PROBLEM TO WORK ON: Restate the last part of the records below word for word, beginning at the line with "LIBS:Nano_PB-cache" and ending at the final line.

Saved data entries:
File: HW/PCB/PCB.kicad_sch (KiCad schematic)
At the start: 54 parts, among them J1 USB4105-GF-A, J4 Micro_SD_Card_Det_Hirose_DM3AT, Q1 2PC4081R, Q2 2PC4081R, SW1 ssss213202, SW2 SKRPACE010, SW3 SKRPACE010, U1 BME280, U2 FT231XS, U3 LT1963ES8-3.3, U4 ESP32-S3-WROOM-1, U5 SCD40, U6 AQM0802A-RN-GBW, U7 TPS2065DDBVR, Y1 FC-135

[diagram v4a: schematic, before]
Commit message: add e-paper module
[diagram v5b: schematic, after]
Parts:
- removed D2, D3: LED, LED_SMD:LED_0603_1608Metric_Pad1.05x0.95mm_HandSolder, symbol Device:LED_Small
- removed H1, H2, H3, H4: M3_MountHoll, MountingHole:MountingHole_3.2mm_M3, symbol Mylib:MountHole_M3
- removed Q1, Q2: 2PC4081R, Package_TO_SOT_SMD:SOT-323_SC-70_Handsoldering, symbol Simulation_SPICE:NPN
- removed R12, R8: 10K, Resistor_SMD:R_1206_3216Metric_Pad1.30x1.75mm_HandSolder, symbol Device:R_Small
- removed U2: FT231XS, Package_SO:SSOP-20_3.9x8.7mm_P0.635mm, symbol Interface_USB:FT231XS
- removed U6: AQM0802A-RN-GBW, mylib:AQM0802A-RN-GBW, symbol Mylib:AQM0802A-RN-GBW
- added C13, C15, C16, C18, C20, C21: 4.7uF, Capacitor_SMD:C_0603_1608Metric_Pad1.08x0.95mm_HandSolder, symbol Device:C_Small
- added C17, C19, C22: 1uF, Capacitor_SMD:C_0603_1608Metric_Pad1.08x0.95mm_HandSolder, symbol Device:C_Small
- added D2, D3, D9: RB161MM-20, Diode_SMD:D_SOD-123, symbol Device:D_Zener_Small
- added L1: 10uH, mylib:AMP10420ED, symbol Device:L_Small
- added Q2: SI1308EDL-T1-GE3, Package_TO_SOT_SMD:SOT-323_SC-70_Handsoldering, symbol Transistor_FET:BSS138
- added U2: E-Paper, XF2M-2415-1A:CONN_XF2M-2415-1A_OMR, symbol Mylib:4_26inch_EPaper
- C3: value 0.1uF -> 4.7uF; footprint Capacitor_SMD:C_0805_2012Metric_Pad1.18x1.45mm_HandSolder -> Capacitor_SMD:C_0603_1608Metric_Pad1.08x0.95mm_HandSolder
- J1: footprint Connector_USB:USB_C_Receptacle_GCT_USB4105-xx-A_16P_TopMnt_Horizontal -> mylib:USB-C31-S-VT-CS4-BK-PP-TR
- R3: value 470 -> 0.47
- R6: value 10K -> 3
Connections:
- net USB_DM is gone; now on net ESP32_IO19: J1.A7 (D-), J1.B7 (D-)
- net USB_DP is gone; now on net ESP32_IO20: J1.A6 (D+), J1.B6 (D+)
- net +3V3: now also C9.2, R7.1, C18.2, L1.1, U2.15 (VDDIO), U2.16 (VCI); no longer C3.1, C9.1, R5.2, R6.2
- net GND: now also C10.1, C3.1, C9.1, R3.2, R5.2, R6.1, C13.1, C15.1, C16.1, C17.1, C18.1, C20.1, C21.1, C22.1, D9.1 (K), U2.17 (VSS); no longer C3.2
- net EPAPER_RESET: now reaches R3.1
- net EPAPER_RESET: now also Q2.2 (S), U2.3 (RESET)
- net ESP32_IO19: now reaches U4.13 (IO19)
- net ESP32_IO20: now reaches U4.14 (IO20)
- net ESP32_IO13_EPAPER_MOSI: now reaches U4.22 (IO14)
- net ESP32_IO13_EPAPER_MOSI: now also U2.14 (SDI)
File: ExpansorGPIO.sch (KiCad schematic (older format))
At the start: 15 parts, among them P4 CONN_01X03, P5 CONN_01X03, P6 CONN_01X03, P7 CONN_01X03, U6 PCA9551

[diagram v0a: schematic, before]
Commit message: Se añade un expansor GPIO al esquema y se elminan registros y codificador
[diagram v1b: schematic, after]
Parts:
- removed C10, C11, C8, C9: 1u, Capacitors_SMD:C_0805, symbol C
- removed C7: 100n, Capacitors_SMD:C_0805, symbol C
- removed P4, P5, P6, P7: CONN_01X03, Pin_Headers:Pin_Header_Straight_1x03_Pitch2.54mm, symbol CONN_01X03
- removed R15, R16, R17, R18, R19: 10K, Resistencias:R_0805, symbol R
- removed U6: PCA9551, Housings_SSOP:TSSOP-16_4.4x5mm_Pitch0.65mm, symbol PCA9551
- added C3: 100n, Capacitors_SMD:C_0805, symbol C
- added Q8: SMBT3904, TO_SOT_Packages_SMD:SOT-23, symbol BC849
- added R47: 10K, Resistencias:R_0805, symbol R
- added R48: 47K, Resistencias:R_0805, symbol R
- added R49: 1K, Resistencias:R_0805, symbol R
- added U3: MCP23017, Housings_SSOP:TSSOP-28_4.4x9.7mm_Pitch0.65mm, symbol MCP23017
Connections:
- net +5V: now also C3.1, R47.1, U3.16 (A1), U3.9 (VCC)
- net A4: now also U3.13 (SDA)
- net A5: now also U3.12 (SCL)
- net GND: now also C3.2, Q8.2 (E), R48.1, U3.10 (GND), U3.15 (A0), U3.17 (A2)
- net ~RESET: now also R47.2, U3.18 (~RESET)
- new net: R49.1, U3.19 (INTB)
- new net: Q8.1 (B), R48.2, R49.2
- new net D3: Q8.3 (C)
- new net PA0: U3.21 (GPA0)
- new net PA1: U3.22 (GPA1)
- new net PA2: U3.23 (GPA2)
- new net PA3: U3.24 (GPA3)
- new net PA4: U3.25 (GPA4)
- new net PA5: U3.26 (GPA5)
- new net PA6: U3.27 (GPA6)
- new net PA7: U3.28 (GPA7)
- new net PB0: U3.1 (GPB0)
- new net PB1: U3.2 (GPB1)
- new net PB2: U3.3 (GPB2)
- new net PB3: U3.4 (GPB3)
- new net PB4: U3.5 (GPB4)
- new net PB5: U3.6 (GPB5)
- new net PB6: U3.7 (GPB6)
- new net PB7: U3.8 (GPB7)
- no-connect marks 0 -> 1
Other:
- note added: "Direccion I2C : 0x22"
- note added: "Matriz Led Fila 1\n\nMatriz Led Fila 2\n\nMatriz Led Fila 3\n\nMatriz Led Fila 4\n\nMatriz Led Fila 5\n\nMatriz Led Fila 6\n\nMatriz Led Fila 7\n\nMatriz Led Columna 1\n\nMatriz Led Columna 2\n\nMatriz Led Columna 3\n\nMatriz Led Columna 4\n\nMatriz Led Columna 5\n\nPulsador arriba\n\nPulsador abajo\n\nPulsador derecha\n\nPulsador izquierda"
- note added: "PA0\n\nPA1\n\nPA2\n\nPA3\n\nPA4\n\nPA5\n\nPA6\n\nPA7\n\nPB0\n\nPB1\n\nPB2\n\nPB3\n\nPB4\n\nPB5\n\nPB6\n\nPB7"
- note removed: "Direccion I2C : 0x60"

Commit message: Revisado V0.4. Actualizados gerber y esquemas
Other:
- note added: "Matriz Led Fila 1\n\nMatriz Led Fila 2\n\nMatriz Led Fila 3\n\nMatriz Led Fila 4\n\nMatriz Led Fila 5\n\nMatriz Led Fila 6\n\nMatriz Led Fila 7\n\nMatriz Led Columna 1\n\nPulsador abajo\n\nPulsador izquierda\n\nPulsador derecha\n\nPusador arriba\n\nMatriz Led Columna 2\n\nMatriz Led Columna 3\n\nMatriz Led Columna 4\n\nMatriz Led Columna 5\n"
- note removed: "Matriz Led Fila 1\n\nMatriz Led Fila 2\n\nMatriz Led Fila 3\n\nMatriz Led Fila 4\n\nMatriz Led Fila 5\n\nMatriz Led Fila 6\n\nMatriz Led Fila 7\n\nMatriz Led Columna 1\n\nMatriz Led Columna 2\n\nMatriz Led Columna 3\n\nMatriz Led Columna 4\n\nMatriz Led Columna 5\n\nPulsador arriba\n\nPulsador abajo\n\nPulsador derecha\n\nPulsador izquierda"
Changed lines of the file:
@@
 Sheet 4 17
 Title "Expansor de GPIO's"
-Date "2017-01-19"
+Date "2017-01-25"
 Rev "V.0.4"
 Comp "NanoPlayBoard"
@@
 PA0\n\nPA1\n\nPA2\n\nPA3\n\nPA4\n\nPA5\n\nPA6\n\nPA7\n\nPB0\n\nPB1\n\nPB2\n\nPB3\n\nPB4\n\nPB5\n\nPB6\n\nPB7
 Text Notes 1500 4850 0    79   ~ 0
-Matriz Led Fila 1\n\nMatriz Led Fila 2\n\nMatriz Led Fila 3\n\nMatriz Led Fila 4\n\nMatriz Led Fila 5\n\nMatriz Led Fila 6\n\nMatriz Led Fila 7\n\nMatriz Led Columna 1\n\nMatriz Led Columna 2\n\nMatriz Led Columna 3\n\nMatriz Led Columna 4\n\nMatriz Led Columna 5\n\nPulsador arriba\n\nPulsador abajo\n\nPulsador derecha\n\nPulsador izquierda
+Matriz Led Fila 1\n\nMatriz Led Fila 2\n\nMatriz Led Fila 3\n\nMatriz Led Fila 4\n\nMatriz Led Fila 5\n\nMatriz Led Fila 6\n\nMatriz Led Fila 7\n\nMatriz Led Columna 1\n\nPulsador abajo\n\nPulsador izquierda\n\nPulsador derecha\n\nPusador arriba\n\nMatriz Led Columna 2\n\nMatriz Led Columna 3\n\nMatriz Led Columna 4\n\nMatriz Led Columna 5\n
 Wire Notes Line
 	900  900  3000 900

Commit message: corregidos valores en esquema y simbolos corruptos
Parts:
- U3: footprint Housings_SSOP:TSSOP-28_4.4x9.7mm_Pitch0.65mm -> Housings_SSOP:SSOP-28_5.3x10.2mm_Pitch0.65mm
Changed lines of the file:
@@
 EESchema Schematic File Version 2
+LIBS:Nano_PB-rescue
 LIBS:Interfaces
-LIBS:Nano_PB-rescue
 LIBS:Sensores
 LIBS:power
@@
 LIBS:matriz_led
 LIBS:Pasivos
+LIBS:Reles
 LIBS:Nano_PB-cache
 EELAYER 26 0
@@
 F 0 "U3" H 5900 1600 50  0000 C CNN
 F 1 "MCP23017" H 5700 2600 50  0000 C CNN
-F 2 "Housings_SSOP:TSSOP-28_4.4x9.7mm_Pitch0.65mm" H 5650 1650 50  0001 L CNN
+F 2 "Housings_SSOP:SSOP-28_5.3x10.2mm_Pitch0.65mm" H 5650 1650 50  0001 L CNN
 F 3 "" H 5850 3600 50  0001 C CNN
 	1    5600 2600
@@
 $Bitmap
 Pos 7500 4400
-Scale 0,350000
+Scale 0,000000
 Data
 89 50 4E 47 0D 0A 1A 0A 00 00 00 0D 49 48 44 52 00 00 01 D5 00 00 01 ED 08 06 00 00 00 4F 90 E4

TASK RESULT:
 LIBS:Nano_PB-cache
 EELAYER 26 0
@@
 F 0 "U3" H 5900 1600 50  0000 C CNN
 F 1 "MCP23017" H 5700 2600 50  0000 C CNN
-F 2 "Housings_SSOP:TSSOP-28_4.4x9.7mm_Pitch0.65mm" H 5650 1650 50  0001 L CNN
+F 2 "Housings_SSOP:SSOP-28_5.3x10.2mm_Pitch0.65mm" H 5650 1650 50  0001 L CNN
 F 3 "" H 5850 3600 50  0001 C CNN
 	1    5600 2600
@@
 $Bitmap
 Pos 7500 4400
-Scale 0,350000
+Scale 0,000000
 Data
 89 50 4E 47 0D 0A 1A 0A 00 00 00 0D 49 48 44 52 00 00 01 D5 00 00 01 ED 08 06 00 00 00 4F 90 E4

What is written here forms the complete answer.